The required output is the exact run of lines below that opens at the line with "#273=CIRCLE('',#272,4.25653254372605);" and closes at the line with "#282=DIRECTION('',(-0.808747784281971,-0.588155609867833,0.));".

——

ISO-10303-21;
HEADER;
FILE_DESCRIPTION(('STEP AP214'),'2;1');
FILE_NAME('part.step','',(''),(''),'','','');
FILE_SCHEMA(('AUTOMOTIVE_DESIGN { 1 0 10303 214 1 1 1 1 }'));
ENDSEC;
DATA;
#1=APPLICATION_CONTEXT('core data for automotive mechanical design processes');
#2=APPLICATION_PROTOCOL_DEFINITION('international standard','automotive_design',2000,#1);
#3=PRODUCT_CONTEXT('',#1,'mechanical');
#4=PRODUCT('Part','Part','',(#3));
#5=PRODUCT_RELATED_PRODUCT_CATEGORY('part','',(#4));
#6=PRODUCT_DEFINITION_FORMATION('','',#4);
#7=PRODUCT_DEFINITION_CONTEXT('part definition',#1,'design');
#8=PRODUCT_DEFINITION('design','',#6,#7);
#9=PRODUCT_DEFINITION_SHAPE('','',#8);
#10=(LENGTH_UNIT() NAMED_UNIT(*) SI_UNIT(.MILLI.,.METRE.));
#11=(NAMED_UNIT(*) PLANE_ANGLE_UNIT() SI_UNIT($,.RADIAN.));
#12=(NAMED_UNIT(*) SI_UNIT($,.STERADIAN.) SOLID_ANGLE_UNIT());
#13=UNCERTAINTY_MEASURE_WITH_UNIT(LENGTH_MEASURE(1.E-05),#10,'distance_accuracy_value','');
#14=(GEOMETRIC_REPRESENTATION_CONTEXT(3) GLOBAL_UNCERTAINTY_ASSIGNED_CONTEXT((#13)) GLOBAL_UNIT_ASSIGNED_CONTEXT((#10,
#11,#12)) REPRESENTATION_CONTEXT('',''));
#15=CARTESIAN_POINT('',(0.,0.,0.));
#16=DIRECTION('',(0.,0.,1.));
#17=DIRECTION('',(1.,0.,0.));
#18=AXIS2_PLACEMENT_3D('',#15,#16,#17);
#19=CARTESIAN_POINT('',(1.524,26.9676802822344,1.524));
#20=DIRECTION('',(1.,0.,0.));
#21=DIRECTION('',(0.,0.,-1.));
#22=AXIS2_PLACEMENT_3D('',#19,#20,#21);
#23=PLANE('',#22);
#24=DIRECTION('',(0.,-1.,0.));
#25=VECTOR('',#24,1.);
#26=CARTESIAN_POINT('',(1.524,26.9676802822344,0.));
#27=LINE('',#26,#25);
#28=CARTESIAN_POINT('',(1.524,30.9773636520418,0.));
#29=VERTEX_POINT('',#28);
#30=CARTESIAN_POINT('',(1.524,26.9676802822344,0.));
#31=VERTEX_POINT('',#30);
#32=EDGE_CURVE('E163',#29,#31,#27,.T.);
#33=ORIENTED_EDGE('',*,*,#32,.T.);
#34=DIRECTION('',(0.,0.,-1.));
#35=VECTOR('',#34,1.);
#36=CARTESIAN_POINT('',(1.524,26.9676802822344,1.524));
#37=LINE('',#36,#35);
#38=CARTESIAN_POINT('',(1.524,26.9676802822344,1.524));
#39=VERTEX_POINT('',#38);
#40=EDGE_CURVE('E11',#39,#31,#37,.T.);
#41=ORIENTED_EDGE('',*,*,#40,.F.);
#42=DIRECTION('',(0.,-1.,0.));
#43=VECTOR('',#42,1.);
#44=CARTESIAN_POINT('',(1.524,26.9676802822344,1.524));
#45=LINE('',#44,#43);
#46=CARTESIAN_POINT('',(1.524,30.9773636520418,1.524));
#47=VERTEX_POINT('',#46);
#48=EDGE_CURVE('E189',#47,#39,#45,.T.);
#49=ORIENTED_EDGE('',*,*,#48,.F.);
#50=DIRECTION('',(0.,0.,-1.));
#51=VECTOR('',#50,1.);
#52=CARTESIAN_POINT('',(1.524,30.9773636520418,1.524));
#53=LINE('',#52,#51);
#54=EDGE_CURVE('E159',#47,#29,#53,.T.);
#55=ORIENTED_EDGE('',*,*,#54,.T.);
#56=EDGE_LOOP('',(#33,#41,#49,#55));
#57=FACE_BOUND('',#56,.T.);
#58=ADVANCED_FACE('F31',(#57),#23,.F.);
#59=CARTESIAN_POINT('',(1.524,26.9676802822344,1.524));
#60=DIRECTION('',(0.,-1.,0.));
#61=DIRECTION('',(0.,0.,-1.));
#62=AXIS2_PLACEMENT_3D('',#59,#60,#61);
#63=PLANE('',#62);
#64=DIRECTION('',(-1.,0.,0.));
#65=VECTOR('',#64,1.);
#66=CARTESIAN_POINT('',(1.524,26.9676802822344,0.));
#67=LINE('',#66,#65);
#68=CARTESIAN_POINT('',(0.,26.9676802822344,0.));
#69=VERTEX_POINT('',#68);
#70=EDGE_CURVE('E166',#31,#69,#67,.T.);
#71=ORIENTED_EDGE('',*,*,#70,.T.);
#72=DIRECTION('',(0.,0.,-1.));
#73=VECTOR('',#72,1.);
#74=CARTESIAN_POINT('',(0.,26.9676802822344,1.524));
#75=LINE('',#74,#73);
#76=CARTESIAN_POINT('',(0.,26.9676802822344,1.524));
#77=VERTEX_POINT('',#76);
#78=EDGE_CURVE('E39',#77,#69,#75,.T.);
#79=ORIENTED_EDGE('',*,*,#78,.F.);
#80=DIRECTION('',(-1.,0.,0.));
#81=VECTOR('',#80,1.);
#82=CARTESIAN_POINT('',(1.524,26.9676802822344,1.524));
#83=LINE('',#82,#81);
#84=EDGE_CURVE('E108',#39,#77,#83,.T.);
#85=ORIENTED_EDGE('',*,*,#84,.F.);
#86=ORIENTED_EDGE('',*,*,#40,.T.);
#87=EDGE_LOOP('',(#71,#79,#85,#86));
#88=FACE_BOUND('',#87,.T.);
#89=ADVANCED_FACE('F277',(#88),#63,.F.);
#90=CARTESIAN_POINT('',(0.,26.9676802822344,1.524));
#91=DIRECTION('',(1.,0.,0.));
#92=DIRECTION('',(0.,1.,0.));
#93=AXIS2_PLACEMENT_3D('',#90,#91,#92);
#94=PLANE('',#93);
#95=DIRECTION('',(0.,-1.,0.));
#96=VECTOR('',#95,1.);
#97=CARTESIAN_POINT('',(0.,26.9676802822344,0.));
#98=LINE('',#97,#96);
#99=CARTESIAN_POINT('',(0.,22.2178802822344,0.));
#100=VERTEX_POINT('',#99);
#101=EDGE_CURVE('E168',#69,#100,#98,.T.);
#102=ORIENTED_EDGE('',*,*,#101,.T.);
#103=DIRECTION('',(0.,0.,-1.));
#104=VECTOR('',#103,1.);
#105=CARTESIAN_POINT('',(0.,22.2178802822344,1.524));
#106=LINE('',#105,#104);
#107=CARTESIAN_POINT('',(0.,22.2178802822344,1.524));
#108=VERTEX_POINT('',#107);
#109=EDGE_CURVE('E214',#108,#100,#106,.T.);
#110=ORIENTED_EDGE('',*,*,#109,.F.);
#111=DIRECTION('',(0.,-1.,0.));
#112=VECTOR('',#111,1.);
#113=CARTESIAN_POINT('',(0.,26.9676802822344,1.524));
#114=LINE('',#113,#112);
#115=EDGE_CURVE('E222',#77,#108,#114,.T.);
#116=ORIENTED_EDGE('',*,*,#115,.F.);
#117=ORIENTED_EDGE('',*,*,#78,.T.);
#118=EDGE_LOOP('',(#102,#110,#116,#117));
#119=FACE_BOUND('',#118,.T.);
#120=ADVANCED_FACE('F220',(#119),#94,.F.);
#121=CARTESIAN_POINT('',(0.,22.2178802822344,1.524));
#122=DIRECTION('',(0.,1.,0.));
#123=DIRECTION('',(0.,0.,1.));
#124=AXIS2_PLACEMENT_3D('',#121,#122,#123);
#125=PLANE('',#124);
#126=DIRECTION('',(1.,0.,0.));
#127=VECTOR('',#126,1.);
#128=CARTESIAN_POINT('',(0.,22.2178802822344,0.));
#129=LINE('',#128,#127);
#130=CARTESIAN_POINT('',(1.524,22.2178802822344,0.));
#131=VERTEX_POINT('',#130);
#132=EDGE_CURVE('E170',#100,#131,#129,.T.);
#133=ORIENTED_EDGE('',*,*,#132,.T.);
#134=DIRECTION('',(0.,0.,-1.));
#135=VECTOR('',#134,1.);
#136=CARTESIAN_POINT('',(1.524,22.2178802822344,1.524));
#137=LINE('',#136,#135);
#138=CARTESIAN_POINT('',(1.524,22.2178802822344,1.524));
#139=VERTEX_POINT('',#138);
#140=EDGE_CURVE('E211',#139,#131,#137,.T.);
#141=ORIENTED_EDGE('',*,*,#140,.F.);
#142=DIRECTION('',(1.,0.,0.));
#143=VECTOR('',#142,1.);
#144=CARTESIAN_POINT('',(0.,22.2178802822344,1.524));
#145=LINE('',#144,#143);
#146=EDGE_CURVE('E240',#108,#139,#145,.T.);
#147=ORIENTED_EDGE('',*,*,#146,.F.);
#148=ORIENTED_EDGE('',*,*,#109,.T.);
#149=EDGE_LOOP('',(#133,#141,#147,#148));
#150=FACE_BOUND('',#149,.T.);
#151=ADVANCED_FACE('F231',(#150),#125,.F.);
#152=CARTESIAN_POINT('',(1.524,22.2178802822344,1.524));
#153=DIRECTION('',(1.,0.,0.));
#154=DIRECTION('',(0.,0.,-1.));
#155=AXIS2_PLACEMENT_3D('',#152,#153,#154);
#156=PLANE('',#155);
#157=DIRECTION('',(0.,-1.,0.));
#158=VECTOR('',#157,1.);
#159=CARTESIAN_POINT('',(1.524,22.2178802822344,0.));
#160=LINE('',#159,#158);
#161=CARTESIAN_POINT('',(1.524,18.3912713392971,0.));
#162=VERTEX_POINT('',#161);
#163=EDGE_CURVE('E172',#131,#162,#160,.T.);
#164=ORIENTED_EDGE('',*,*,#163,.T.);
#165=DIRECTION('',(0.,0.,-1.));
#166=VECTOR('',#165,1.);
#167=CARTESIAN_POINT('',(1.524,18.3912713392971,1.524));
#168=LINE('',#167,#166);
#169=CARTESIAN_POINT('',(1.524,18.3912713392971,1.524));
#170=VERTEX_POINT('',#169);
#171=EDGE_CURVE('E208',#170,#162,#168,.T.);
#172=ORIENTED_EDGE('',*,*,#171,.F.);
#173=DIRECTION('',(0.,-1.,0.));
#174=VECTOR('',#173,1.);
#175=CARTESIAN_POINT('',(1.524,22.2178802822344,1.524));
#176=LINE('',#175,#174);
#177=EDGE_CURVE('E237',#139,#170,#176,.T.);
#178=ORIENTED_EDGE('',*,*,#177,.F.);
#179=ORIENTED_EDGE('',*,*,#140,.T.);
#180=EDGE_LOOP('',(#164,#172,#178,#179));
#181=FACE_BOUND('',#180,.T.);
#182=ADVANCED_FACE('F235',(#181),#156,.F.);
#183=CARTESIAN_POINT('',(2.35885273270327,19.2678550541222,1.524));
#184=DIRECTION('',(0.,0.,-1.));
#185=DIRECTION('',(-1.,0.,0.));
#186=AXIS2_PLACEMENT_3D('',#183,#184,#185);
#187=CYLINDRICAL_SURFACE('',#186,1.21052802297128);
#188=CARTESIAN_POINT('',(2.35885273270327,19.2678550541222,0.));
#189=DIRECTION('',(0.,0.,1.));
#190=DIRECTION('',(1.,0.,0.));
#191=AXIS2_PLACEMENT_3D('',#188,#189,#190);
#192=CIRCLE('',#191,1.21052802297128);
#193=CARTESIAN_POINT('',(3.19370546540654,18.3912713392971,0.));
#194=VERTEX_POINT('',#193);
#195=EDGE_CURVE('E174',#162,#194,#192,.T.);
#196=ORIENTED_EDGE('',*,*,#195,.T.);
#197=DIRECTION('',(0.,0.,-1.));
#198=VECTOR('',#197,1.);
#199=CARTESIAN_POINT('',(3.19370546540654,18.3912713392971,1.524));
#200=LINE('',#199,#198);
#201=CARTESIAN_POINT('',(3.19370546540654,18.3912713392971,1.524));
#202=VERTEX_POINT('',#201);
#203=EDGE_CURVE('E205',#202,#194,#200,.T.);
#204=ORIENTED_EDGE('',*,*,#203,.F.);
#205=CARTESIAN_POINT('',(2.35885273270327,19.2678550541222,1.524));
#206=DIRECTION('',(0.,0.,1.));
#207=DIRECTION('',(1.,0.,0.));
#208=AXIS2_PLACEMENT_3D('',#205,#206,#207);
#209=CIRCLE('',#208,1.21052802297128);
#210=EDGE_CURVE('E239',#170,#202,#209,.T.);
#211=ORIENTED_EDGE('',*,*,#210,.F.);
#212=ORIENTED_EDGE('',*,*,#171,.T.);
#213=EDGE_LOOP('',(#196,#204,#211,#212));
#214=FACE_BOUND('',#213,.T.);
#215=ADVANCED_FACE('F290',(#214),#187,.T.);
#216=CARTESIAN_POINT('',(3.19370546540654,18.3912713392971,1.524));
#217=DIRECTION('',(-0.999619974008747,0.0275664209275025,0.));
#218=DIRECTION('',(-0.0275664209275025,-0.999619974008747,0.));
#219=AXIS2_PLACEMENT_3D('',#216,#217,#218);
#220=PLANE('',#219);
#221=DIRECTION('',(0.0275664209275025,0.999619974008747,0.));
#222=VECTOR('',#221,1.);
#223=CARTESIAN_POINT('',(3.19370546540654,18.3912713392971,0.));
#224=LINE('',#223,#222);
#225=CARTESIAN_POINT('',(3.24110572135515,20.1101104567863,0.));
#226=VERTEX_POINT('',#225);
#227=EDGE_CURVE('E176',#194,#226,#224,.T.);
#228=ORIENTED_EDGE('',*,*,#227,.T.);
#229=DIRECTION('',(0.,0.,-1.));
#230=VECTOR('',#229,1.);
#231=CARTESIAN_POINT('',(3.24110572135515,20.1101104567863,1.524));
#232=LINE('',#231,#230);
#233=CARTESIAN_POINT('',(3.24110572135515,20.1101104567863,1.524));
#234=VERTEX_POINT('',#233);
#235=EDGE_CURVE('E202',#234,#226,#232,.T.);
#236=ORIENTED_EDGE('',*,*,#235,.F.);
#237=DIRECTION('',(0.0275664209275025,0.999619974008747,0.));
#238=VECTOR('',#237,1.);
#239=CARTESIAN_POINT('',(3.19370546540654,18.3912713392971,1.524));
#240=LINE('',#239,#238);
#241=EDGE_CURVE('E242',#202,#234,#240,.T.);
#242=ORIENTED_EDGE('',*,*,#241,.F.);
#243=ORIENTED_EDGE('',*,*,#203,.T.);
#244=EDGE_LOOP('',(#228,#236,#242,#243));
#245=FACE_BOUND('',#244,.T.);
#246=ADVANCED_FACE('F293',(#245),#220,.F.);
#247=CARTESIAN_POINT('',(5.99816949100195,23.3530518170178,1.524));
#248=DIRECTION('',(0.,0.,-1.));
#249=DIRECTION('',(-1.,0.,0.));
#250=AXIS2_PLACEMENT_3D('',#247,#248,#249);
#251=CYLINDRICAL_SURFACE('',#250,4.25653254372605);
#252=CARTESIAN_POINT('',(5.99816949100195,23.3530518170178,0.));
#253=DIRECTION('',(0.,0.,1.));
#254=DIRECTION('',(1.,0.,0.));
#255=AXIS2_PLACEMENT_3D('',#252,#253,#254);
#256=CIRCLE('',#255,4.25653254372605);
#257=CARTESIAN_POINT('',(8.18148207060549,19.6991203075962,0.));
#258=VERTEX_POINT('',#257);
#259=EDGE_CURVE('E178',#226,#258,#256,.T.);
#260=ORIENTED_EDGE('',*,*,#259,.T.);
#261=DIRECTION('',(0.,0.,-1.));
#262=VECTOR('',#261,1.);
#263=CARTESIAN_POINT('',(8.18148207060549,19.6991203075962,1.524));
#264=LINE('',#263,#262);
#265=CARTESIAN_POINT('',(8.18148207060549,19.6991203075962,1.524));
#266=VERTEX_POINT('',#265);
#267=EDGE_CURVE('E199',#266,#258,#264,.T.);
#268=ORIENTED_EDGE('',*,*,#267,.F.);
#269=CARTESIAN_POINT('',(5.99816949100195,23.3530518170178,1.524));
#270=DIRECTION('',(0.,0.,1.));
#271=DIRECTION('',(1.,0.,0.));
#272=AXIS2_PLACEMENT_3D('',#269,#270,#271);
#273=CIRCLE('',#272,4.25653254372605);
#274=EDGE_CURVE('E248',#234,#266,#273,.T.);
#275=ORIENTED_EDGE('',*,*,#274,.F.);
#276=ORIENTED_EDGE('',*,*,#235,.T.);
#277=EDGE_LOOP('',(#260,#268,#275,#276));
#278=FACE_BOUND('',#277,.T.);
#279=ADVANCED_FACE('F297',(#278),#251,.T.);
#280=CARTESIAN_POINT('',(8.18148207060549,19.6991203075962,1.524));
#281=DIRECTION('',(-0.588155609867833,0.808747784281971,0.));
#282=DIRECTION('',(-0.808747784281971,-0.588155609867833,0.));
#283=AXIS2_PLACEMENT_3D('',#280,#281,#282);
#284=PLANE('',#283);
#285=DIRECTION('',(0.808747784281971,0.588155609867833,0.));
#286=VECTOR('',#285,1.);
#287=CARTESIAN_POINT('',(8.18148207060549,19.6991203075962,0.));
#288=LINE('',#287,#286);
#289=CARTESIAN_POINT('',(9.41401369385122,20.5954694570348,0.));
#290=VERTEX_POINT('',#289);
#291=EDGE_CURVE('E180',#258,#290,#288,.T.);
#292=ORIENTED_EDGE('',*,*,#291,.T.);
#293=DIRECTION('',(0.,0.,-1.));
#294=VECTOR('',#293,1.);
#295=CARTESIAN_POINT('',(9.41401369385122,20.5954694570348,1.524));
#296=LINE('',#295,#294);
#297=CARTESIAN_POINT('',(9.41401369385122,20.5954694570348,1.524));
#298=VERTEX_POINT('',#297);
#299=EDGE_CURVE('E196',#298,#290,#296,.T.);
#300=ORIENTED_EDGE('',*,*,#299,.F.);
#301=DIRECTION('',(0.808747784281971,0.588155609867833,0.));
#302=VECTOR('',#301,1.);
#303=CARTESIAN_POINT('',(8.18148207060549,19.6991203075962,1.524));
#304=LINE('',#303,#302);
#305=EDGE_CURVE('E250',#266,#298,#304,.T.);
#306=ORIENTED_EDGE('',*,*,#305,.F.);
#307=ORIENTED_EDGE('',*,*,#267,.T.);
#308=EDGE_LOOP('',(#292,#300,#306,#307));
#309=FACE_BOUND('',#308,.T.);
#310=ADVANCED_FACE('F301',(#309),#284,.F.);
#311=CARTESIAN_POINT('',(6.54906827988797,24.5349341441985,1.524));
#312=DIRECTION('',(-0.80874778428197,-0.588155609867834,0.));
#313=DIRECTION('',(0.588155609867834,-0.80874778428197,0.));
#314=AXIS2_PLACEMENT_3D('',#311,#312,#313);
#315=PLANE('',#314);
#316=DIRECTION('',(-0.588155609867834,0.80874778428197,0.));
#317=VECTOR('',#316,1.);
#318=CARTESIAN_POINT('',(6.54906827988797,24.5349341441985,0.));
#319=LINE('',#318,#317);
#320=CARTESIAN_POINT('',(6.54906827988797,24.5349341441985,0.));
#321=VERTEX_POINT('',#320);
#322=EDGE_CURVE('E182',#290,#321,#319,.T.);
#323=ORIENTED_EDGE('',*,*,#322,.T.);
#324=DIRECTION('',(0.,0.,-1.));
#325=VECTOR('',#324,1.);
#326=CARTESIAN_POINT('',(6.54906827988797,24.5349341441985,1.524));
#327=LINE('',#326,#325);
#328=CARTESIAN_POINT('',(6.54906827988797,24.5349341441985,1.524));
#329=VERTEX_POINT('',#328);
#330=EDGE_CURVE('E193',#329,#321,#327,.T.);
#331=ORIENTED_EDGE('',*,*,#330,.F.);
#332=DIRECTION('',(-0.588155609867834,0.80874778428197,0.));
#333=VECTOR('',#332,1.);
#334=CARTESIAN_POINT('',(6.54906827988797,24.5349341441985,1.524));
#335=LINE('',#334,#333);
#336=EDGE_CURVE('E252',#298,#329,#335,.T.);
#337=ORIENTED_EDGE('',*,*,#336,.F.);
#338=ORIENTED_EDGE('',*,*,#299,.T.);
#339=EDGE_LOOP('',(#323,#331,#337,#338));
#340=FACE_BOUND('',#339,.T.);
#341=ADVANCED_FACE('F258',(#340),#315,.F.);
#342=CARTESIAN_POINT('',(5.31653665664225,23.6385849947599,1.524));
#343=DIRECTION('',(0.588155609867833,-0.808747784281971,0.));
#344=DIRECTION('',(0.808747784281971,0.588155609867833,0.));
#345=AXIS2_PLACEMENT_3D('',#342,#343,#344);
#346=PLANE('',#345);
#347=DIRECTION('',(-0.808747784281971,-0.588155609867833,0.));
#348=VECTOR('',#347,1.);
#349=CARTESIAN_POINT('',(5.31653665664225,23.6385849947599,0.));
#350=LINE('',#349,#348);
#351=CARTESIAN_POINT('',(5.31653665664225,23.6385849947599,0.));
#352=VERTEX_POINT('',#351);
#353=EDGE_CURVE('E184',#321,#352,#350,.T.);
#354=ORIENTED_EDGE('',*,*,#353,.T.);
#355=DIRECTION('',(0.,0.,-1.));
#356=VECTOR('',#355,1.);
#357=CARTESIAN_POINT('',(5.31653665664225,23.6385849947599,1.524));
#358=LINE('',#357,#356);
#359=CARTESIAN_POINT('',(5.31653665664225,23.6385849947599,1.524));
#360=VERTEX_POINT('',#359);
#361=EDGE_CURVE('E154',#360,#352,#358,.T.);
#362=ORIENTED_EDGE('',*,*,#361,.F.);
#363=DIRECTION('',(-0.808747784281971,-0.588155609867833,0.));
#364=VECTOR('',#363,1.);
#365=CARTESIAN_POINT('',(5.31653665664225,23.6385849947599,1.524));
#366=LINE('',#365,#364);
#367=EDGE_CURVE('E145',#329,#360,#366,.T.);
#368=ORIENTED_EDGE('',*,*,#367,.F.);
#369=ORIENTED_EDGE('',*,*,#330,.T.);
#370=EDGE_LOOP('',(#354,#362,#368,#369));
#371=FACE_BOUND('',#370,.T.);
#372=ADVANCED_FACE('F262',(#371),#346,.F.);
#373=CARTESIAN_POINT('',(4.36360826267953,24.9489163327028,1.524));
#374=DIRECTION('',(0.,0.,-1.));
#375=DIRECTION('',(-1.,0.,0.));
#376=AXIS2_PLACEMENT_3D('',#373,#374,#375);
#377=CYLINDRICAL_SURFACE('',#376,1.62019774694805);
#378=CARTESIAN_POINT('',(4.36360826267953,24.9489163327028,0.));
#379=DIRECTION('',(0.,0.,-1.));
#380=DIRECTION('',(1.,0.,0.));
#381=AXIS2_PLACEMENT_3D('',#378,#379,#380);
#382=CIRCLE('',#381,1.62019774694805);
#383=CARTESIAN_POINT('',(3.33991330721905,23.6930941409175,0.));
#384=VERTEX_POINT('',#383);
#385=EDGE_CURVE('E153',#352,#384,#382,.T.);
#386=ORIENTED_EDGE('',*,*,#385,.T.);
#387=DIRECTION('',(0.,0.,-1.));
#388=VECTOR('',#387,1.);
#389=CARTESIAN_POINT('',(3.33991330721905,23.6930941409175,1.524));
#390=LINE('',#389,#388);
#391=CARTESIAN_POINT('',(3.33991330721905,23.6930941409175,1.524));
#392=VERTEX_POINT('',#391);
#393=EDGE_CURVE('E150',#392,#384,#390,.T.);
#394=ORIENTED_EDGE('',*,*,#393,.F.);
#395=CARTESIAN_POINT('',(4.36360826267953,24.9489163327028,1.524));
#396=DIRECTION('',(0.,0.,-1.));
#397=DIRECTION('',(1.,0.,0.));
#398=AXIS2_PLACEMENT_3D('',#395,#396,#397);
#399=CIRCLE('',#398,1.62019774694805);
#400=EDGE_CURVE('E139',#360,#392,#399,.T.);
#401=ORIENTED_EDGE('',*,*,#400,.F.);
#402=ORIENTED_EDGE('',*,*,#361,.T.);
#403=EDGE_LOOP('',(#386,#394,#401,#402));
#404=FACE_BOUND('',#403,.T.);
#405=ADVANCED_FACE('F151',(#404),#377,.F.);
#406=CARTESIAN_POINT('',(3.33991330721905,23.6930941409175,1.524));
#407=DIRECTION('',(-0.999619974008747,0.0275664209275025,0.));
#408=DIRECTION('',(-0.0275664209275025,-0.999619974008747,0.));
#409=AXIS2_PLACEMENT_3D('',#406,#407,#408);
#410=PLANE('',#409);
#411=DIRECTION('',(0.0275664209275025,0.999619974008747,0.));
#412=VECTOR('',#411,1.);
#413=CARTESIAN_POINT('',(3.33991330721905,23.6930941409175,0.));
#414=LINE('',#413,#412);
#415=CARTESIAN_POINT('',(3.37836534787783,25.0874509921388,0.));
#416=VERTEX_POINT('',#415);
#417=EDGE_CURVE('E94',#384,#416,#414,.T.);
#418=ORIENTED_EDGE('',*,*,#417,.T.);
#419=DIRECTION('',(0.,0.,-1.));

——

THE COMPLETED TASK>
#273=CIRCLE('',#272,4.25653254372605);
#274=EDGE_CURVE('E248',#234,#266,#273,.T.);
#275=ORIENTED_EDGE('',*,*,#274,.F.);
#276=ORIENTED_EDGE('',*,*,#235,.T.);
#277=EDGE_LOOP('',(#260,#268,#275,#276));
#278=FACE_BOUND('',#277,.T.);
#279=ADVANCED_FACE('F297',(#278),#251,.T.);
#280=CARTESIAN_POINT('',(8.18148207060549,19.6991203075962,1.524));
#281=DIRECTION('',(-0.588155609867833,0.808747784281971,0.));
#282=DIRECTION('',(-0.808747784281971,-0.588155609867833,0.));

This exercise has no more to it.